**WORK REQUIRED:**
Begin at the first line of the records below and, please, give each line again exactly until the line with "doc.layers.add('MCT - RUA" is included.

**SUPPLIED DATA:**
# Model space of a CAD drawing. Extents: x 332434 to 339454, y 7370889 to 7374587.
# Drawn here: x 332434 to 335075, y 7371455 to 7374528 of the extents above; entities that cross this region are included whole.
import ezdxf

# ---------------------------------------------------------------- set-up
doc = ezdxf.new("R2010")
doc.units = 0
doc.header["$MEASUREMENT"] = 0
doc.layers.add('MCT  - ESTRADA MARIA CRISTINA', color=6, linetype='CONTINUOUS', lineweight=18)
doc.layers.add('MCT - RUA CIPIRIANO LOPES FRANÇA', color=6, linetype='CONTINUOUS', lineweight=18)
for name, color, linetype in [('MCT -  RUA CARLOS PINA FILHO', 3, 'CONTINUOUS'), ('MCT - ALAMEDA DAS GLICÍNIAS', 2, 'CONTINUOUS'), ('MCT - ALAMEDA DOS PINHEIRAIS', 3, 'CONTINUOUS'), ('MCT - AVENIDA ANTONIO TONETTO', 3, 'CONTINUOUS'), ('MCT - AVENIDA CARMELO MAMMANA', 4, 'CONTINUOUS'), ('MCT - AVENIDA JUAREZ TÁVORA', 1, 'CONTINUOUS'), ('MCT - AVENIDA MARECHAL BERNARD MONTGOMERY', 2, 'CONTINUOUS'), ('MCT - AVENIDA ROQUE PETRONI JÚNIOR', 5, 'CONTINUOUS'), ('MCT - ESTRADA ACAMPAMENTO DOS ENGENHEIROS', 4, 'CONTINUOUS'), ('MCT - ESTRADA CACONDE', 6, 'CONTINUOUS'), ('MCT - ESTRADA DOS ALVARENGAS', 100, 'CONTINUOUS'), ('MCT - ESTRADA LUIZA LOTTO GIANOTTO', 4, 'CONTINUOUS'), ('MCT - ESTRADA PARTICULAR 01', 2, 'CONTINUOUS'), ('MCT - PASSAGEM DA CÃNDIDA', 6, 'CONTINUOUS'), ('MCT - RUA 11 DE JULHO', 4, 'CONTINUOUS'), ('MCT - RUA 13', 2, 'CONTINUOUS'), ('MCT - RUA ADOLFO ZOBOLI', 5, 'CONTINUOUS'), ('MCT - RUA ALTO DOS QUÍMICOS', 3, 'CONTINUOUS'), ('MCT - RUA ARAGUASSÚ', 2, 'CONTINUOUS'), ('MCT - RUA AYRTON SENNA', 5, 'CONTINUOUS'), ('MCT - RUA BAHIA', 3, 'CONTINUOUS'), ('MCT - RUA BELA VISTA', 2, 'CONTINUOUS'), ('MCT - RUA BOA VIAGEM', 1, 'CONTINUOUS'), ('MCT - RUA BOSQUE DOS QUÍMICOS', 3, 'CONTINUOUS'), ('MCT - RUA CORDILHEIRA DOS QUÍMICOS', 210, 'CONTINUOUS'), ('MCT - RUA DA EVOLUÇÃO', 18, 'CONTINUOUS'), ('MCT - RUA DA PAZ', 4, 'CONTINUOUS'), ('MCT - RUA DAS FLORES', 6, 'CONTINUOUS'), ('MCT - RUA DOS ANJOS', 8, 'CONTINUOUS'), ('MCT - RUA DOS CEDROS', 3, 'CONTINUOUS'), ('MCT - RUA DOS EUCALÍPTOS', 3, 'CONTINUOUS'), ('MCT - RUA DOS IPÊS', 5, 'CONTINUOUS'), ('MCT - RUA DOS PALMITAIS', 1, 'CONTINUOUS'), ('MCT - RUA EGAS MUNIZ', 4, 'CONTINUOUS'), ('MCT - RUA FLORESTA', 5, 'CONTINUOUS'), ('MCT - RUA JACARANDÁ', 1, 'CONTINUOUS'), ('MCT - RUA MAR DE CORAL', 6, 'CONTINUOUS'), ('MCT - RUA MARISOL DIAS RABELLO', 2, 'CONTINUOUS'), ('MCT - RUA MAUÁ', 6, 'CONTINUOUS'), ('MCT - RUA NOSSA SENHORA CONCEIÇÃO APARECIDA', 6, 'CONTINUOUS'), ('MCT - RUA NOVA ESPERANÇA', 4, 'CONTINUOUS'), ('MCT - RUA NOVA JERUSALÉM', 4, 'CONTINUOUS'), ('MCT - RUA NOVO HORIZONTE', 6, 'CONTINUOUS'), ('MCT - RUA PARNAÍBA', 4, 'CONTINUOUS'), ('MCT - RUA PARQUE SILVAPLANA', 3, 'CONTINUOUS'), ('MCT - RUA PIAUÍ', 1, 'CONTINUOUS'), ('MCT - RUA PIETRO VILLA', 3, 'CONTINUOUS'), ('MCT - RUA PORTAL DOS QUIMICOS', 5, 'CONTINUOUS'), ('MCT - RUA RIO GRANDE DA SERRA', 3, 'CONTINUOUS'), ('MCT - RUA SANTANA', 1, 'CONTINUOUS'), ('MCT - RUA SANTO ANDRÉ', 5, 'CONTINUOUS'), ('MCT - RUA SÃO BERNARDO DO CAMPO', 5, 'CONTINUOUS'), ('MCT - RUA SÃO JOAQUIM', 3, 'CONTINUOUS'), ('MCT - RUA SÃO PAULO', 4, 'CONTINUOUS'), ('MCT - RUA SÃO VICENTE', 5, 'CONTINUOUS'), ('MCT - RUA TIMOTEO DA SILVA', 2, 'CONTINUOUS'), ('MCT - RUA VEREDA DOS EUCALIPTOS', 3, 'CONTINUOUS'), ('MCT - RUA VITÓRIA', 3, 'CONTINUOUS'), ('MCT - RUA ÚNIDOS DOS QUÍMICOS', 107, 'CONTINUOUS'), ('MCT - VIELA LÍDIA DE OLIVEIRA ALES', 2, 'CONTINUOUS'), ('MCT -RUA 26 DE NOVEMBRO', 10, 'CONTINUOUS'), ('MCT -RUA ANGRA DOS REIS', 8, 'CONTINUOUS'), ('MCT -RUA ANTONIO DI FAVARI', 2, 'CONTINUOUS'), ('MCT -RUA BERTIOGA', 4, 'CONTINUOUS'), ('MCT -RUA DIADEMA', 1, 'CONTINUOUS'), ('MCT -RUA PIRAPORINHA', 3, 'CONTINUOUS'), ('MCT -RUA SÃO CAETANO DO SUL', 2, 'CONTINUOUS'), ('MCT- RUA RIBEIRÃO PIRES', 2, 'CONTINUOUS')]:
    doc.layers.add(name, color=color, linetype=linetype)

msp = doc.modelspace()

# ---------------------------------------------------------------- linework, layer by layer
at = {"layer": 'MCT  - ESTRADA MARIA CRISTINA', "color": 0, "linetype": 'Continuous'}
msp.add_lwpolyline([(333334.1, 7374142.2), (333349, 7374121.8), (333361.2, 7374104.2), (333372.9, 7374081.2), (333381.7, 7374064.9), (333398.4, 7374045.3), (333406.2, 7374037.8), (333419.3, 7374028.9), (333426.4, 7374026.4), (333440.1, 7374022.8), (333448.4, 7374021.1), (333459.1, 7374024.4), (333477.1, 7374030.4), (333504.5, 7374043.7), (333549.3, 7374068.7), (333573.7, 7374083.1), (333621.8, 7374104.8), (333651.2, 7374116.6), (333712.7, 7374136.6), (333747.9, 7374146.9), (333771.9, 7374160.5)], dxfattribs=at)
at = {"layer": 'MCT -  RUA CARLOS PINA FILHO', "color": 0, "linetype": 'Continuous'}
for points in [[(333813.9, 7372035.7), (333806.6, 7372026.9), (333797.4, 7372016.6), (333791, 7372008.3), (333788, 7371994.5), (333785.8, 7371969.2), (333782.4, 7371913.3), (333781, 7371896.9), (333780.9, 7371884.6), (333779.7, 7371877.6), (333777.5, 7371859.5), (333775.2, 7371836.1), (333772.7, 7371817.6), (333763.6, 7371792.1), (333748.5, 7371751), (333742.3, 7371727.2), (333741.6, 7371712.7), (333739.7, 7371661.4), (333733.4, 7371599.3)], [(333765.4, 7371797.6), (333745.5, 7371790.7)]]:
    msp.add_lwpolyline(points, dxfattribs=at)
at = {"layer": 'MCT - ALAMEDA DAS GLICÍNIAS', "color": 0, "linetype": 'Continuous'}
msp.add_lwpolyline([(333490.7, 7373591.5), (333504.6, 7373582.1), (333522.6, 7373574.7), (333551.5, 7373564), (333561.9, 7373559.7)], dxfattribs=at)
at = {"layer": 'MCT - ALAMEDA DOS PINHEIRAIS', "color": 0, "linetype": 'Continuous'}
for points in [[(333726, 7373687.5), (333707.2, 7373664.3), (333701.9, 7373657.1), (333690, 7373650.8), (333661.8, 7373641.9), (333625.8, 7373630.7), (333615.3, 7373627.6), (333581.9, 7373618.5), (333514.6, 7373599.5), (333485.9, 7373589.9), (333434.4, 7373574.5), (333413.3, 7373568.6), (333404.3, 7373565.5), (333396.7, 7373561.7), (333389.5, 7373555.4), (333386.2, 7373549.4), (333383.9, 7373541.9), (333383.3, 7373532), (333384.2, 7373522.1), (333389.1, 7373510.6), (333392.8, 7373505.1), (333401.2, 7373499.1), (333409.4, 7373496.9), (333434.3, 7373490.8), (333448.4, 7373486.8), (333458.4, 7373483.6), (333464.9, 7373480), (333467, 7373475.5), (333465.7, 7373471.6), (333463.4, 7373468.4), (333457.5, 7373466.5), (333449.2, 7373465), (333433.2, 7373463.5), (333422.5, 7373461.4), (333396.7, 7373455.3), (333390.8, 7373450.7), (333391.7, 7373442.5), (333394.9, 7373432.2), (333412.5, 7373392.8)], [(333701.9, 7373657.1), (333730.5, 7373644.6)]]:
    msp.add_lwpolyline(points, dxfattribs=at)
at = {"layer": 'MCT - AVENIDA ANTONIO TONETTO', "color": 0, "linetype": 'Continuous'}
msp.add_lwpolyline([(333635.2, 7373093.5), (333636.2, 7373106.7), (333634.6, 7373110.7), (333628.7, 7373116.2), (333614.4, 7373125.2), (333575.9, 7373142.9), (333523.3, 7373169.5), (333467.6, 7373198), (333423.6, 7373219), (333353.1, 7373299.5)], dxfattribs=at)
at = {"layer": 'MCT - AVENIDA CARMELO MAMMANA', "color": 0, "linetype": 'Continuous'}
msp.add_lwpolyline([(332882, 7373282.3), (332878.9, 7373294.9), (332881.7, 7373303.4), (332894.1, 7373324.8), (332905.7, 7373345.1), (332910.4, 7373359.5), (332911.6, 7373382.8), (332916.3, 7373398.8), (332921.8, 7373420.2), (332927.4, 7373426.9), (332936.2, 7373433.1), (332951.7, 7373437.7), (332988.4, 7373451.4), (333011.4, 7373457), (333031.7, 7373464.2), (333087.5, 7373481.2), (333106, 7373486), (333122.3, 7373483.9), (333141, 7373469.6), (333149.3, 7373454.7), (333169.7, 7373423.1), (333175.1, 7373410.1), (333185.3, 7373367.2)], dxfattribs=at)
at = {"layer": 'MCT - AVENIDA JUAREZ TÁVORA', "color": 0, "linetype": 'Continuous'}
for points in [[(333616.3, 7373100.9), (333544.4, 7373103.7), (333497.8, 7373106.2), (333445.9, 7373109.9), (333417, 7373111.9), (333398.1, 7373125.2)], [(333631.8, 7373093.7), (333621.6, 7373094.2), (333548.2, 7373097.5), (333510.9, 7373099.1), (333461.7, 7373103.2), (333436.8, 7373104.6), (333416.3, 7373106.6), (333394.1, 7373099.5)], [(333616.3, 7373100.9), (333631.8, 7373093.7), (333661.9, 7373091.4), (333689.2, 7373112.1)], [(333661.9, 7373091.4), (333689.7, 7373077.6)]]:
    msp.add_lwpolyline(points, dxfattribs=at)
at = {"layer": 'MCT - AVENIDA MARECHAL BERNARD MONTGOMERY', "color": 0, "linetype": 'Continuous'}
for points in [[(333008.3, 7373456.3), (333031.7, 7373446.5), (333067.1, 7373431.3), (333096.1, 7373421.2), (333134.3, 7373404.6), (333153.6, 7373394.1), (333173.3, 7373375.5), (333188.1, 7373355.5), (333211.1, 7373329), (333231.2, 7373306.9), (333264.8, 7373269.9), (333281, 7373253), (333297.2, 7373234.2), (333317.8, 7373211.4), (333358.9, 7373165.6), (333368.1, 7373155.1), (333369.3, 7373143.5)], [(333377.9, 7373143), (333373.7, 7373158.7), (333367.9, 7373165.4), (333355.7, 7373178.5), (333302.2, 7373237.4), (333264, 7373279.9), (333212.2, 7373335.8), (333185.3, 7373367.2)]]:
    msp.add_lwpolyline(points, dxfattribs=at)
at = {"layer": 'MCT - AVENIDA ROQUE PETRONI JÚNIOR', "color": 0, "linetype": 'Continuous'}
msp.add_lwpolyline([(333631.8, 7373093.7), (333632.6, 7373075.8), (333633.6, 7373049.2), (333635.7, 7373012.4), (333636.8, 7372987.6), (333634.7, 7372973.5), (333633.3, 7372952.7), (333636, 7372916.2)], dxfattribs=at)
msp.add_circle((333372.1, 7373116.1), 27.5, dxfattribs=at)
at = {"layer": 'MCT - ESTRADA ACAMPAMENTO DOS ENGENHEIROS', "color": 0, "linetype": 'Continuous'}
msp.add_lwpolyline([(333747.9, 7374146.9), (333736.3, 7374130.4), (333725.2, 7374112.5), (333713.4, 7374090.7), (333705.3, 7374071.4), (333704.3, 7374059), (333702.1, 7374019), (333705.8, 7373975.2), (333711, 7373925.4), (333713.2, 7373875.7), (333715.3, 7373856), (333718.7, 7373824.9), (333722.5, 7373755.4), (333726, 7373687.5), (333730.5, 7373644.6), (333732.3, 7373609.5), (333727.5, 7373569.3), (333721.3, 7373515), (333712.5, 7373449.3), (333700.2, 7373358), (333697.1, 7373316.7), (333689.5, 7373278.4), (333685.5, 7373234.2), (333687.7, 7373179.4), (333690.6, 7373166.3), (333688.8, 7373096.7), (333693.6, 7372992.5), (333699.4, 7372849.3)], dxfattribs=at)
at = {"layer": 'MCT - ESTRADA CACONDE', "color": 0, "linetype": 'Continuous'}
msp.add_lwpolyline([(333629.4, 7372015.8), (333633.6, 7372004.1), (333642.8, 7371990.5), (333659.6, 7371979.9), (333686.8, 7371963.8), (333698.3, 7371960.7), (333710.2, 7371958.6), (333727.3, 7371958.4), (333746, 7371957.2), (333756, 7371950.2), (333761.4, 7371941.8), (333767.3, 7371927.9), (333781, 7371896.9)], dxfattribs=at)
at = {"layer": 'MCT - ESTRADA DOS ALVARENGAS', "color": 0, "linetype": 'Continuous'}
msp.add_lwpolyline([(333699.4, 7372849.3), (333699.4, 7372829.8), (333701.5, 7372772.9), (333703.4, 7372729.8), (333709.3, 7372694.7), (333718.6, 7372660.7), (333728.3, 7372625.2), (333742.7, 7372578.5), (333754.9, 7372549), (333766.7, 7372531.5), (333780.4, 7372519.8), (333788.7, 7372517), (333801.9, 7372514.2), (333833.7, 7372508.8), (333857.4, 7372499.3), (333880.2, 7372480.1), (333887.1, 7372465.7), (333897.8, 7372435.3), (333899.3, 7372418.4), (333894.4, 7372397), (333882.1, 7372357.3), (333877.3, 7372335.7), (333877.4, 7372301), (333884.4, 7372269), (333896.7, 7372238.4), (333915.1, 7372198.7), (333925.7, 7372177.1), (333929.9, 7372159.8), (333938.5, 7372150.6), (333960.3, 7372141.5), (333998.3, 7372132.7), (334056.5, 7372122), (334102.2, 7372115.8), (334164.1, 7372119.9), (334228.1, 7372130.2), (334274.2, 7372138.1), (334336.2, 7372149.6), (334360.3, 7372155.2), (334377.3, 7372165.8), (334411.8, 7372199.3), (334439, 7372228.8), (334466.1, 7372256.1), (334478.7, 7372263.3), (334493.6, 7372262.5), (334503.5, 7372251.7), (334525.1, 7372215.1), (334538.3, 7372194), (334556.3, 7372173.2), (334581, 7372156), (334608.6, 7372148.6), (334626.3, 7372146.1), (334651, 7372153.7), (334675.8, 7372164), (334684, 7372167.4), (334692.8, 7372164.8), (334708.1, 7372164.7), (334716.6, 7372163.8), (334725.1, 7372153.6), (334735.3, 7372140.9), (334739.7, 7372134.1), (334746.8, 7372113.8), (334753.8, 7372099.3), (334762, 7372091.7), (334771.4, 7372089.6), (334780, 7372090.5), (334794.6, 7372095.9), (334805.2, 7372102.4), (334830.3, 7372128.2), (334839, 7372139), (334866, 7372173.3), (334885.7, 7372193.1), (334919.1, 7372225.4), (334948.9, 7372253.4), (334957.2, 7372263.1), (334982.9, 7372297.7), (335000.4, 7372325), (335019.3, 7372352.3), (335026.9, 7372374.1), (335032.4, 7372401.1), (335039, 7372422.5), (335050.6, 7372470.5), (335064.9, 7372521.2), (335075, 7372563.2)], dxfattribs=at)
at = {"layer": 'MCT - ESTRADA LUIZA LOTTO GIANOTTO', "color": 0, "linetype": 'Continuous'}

**ANSWER BELOW:**
# Model space of a CAD drawing. Extents: x 332434 to 339454, y 7370889 to 7374587.
# Drawn here: x 332434 to 335075, y 7371455 to 7374528 of the extents above; entities that cross this region are included whole.
import ezdxf

# ---------------------------------------------------------------- set-up
doc = ezdxf.new("R2010")
doc.units = 0
doc.header["$MEASUREMENT"] = 0
doc.layers.add('MCT  - ESTRADA MARIA CRISTINA', color=6, linetype='CONTINUOUS', lineweight=18)
doc.layers.add('MCT - RUA CIPIRIANO LOPES FRANÇA', color=6, linetype='CONTINUOUS', lineweight=18)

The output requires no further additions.